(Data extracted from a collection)
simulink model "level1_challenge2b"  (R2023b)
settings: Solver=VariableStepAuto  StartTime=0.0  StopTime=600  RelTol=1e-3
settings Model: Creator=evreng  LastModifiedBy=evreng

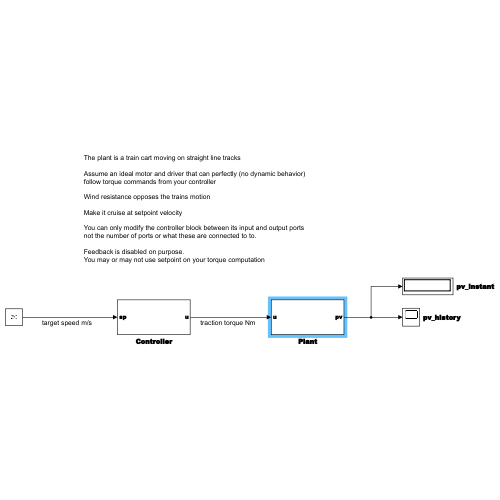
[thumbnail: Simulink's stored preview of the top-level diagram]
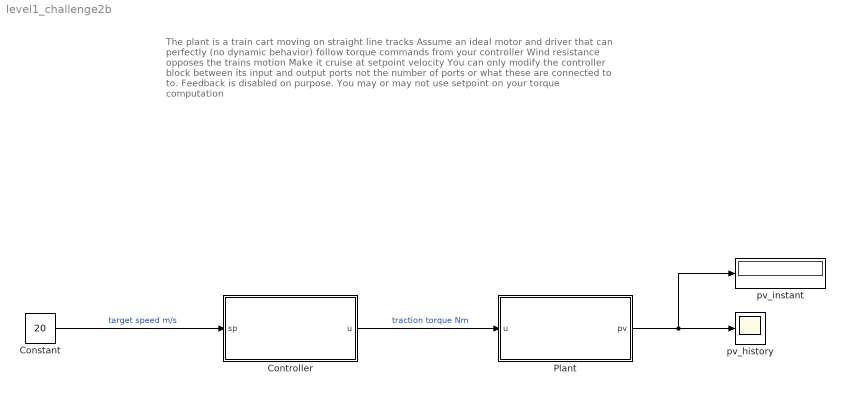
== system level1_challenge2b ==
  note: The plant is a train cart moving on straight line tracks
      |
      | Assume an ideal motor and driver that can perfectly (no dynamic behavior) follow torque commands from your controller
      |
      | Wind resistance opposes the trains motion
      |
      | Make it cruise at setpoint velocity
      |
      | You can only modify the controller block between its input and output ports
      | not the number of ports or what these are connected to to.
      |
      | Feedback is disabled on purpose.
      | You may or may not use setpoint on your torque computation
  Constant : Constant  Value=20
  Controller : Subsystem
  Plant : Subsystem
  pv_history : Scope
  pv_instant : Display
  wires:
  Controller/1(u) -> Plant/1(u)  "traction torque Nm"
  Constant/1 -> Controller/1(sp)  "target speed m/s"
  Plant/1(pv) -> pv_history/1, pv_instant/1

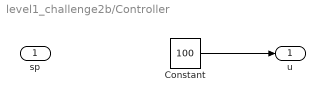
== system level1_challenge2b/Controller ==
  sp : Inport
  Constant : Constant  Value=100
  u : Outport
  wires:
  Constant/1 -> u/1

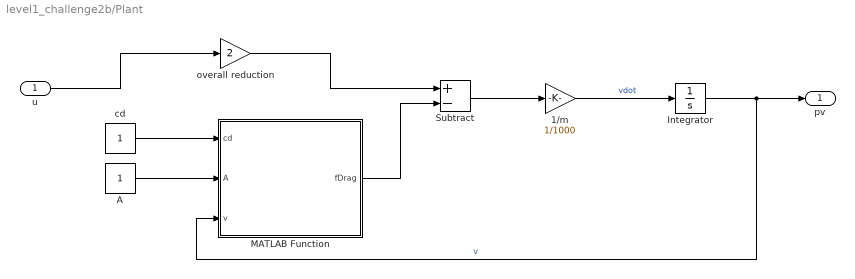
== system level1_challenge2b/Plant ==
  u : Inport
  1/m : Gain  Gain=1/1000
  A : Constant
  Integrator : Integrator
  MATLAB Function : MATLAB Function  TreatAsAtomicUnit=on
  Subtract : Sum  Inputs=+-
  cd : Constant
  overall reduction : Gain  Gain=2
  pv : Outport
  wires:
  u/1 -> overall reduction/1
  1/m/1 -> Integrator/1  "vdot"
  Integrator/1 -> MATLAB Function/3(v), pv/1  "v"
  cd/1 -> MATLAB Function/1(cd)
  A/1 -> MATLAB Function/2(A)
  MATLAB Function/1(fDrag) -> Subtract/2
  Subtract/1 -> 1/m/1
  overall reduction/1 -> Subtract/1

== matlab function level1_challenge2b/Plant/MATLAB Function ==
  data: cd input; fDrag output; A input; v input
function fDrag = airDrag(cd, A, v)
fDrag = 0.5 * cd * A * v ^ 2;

- **Aim of the task**: The answer should contain nothing but the lines from the top of the data above through the line containing "and output ports", copied exactly, with no images.

- **Output of the exercise**:
simulink model "level1_challenge2b"  (R2023b)
settings: Solver=VariableStepAuto  StartTime=0.0  StopTime=600  RelTol=1e-3
settings Model: Creator=evreng  LastModifiedBy=evreng

[thumbnail: Simulink's stored preview of the top-level diagram]
== system level1_challenge2b ==
  note: The plant is a train cart moving on straight line tracks
      |
      | Assume an ideal motor and driver that can perfectly (no dynamic behavior) follow torque commands from your controller
      |
      | Wind resistance opposes the trains motion
      |
      | Make it cruise at setpoint velocity
      |
      | You can only modify the controller block between its input and output ports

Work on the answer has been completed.